A lo que iba, al final me acostumbré a la cinta y mi cerebro también. Ya no me mareo al acabar mi tiempo de jogging estático y, tengo que decir, que he conseguido superar uno más de mis complejos y ya me atrevo a correr en la sala común enfrente de todos esos monitores de televisión que nos machacan continuamente con mierda publicitaria y, sobre todo, nos obsesionan para que sigamos perseverantes en nuestro culto al cuerpo. Pero de esto ya hablaremos mañana, si tengo tiempo.

viernes, 14 de noviembre de 2008

El gimnasio (I)

Me he apuntado a un gimnasio. Al finalizar el verano y con unos kilillos de más recordé los días en los que frecuentaba uno del tipo recuperación y rehabilitación médica y que me ayudó a mantener la figura y sobrellevar un problemilla de espalda. Este año me he buscado otro donde también se puede hacer ejercicios aeróbicos y además tiene baño turco y sauna. Pero este es distinto, muy distinto. Así como en mi antiguo y aburrido gimnasio sólo había personas mayores y algún que otro joven un poco escoñao como yo mismo, en el nuevo “super-fitness-saca-bola” he descubierto un mundo. El mundo del culto al cuerpo. Y hay pa’contar y no acabar.
Uno (bueno, yo) entra allí el primer día con el típico miedo a lo desconocido y al cruzar la puerta te das cuenta de que te cuelgan del cuello carteles donde con letras gordas están escritos todos lo complejos que se han ido acumulando durante años en relación con tu cuerpo.
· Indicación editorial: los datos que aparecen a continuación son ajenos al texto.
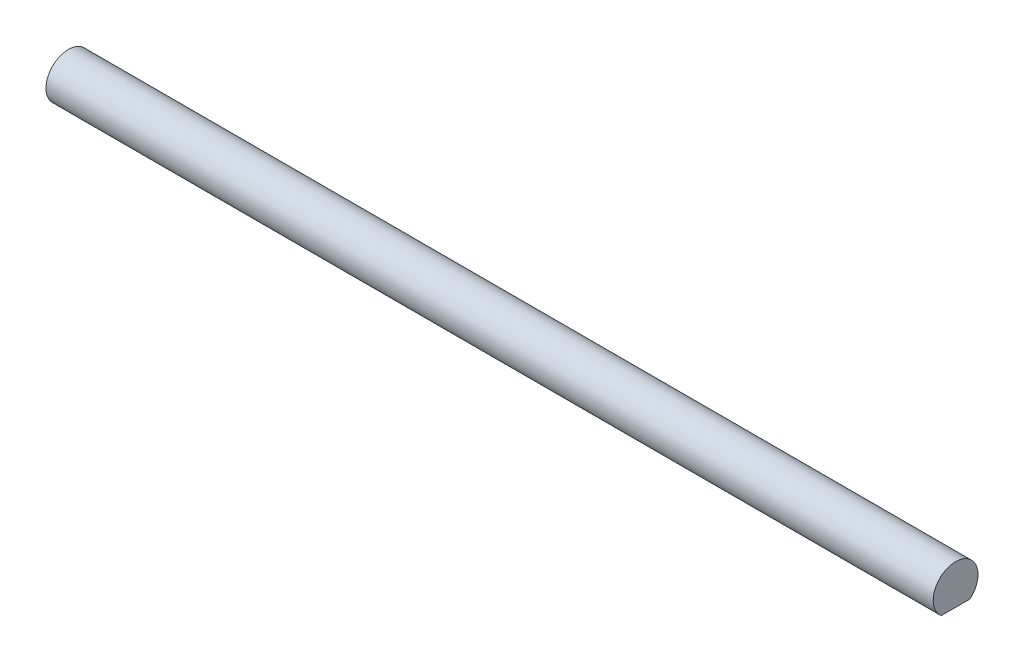
SolidWorks part; units mm, degrees
ref_plane "Front Plane" through (0, 0, 0) normal (0, 0, 1) x (1, 0, 0)
ref_plane "Top Plane" through (0, 0, 0) normal (0, 1, 0) x (1, 0, 0)
ref_plane "Right Plane" through (0, 0, 0) normal (1, 0, 0) x (0, 0, -1)
sketch "Sketch1" plane through (0, 0, 0) normal (1, 0, 0) x (0, 0, -1)
  line L0 (-2.032, -2.4396) -> (2.032, -2.4396)
  circle A0 centre (0, 0) radius 3.175
  dimension "D1" = 6.35
  dimension "D2" = 4.064
extrude "Boss-Extrude1" add sketch "Sketch1" along normal blind 304.8 contours L0 A0
sketch "Sketch2" [suppressed] plane through (304.8, 0, 0) normal (1, 0, 0) x (0, 0, -1)
  circle A0 centre (0, 0) radius 3.175
extrude "Cut-Extrude1" [suppressed] cut sketch "Sketch2" against normal blind 190.5
sketch "Sketch3" [suppressed] plane through (304.8, 0, 0) normal (1, 0, 0) x (0, 0, -1)
  circle A0 centre (0, 0) radius 3.175
extrude "Cut-Extrude2" [suppressed] cut sketch "Sketch3" against normal blind 228.6
sketch "Sketch4" plane through (304.8, 0, 0) normal (1, 0, 0) x (0, 0, -1)
  circle A0 centre (0, 0) radius 3.175
  dimension "D1" = 6.35
extrude "Cut-Extrude3" cut sketch "Sketch4" against normal blind 179.07
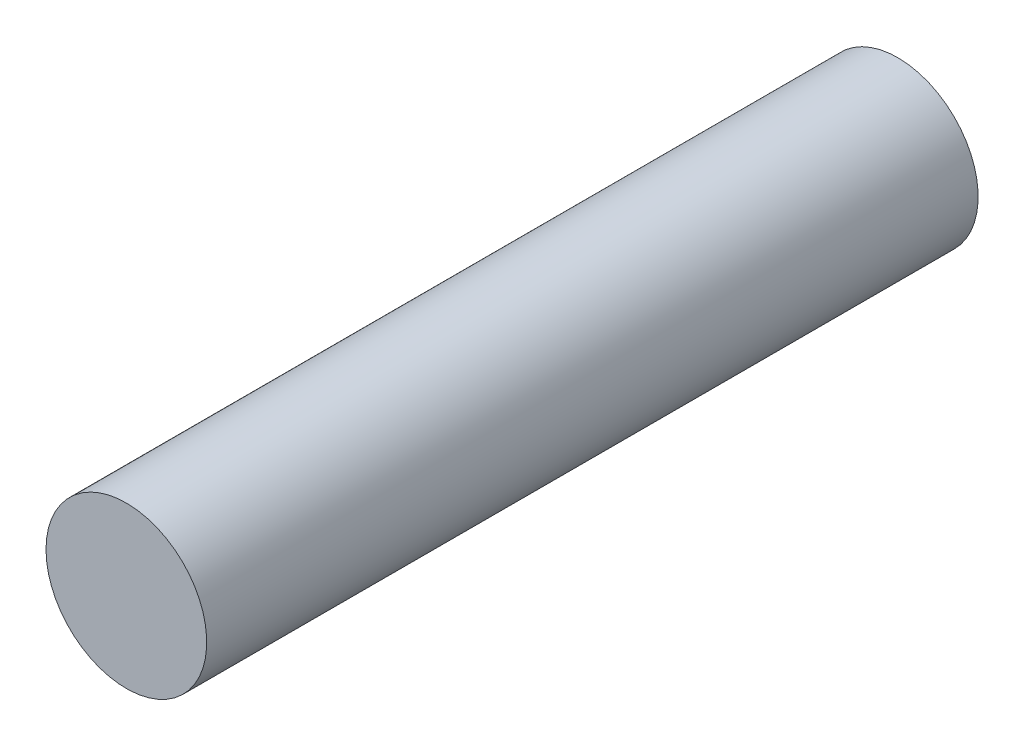
SolidWorks part; units mm, degrees
ref_plane "Front Plane" through (0, 0, 0) normal (0, 0, 1) x (1, 0, 0)
ref_plane "Top Plane" through (0, 0, 0) normal (0, 1, 0) x (1, 0, 0)
ref_plane "Right Plane" through (0, 0, 0) normal (1, 0, 0) x (0, 0, -1)
sketch "Sketch1" plane through (0, 0, 0) normal (0, 0, 1) x (1, 0, 0)
  line L1 (-15.875, 0) -> (15.875, 0) construction
  dimension "OD" = 31.75
sketch "Sketch2" plane through (0, 0, 0) normal (1, 0, 0) x (0, 0, -1)
  line L0 (76.2, 0) -> (-76.2, 0)
  point P4 (0, 0)
  dimension "Length" = 152.4
sketch "Sketch3" plane through (0, 0, 0) normal (0, 0, 1) x (1, 0, 0)
  circle A0 centre (0, 0) radius 15.875
extrude "Boss-Extrude1" add sketch "Sketch3" along normal up to vertex (76.2 mm away) and the other way up to vertex (76.2 mm away) up to point (0, 0, 76.2) other way up to point (0, 0, -76.2)
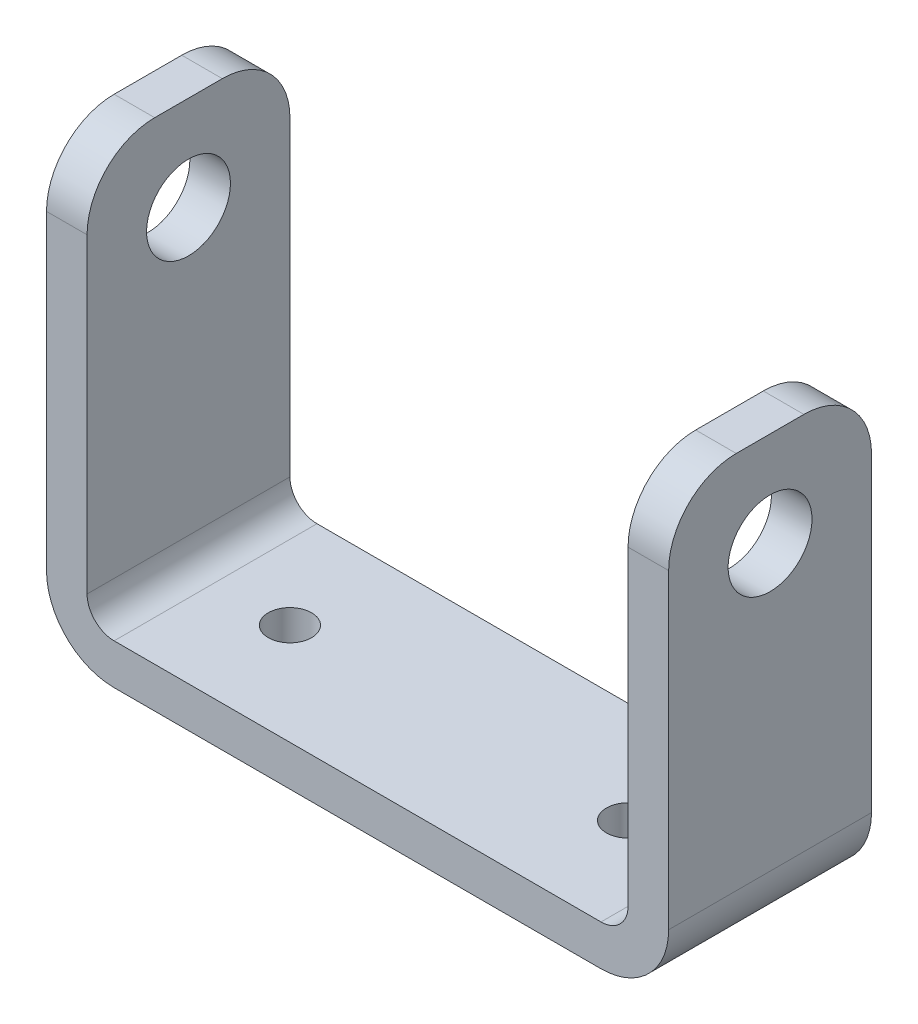
SolidWorks part; units mm, degrees
ref_plane "正面" through (0, 0, 0) normal (0, 0, 1) x (1, 0, 0)
ref_plane "平面" through (0, 0, 0) normal (0, 1, 0) x (1, 0, 0)
ref_plane "右側面" through (0, 0, 0) normal (1, 0, 0) x (0, 0, -1)
sketch "ｽｹｯﾁ1" plane through (0, 0, 0) normal (0, 0, 1) x (1, 0, 0)
  line L0 (0, 0) -> (0, -30)
  line L1 (0, -30) -> (40, -30)
  line L2 (40, -30) -> (40, 0)
  line L3 (-3, 0) -> (-3, -33)
  line L4 (-3, -33) -> (43, -33)
  line L5 (43, -33) -> (43, 0)
  line L6 (0, 0) -> (-3, 0)
  line L7 (40, 0) -> (43, 0)
  line L8 (40, 0) -> (10, -30) construction
  dimension "D1" = 3
  dimension "D2" = 30
  dimension "D3" = 40
  dimension "D4" = 45
extrude "ﾎﾞｽ - 押し出し1" add sketch "ｽｹｯﾁ1" along normal blind 15
sketch "ｽｹｯﾁ2" plane through (43, 0, 0) normal (1, 0, 0) x (0, 0, -1)
  line L0 (-7.5, 0) -> (-7.5, -7) construction
  line L1 (-15, 0) -> (0, 0) construction
  circle A0 centre (-7.5, -7) radius 3.1
  dimension "D1" = 7
  dimension "D2" = 6.2
extrude "ｶｯﾄ - 押し出し1" cut sketch "ｽｹｯﾁ2" against normal through all
fillet "ﾌｨﾚｯﾄ1" radius 5 4 edges at (-1.5, 0, 0) (-1.5, 0, 15) (41.5, 0, 0) (41.5, 0, 15)
sketch "ｽｹｯﾁ3" plane through (0, -30, 0) normal (0, 1, 0) x (1, 0, 0)
  line L0 (20, 0) -> (20, -15) construction
  line L1 (40, 0) -> (0, 0) construction
  line L2 (40, -15) -> (0, -15) construction
  line L3 (32.5, -7.5) -> (7.5, -7.5) construction
  circle A0 centre (7.5, -7.5) radius 1.6
  circle A1 centre (32.5, -7.5) radius 1.6
  circle A2 centre (32.5, -7.5) radius 3 construction
  point P9 (20, -7.5)
  dimension "D1" = 3.2
  dimension "D3" = 6
  dimension "D2" = 25
extrude "ｶｯﾄ - 押し出し2" cut sketch "ｽｹｯﾁ3" against normal through all
fillet "ﾌｨﾚｯﾄ3" radius 2 2 edges at (40, -30, 7.5) (0, -30, 7.5)
fillet "ﾌｨﾚｯﾄ4" radius 5 2 edges at (43, -33, 7.5) (-3, -33, 7.5)

Te parece que todo el mundo los lee y los memoriza mientras que no cesan de darle a la máquina de bíceps o de correr sobre la cinta. Y tú que te crees mirado y observado aunque, de hecho, nadie ha reparado en tu presencia, te arrugas y empiezas a hacer tus ejercicios despacio, sabiéndolos vanos. Uno no se fija en los que son como él, que hay muchos. Uno se fija en las carencias propias y lo hace sobre todo cuando ve las ganancias de los demás. Y en mi gimnasio hay mucha ganancia. Se ven tíos que parecen haber nacido en un banco de abdominales y que nada más nacer, y antes de pedir teta, se habrían trabajado el abdomen hasta dejarlo como una pastilla de chocolate. Hay otros que, usando todavía pañales y en un descuido de la madre, se engancharon a la máquina de musculación de bíceps y no han parado desde entonces. La gran mayoría son poseedores de una cinturilla trabajada tipo Madelman y una espalda mas ancha que la cara de los que se dedicaron en este país a negar la crisis durante tanto tiempo. Y lo peor no es eso. Lo peor es cuando quien te mira es una “ella”. “Ella” que, con permiso de mi mujer que también me lee, parece haber volado desde el Olimpo de las Bollicaus y aterrizado en unas elípticas justo enfrente de ti. Y tú en ese momento no te has dado cuenta y has empezado a usar una máquina que Mister Proper utilizó antes y había configurado para levantar una vaca y ves que no puedes, que no, lo intentas resoplando pero no puedes. Y “ella” que observa como tienes que abandonar y cambiar de pesas de manera que cualquier niño podría manejarlas ahora. Y encima hace una mueca, y te dedica una media sonrisa burlona mientras sigue subiendo y bajando en las elípticas sus caderas perfectas. Luego están los especímenes que se pasan minutos enteros entre aparato y aparato mirándose en el espejo observando el crecimiento milimétrico y diario de sus queridos y ansiados musculillos. ¡Y no sienten ningún tipo de vergüenza! Eso sí es tener confianza en uno mismo. Yo, por supuesto, en camiseta de mangas normales, ellos con camiseta sin mangas, para que se vea más. Ahora me voy al gimnasio, pero continuará…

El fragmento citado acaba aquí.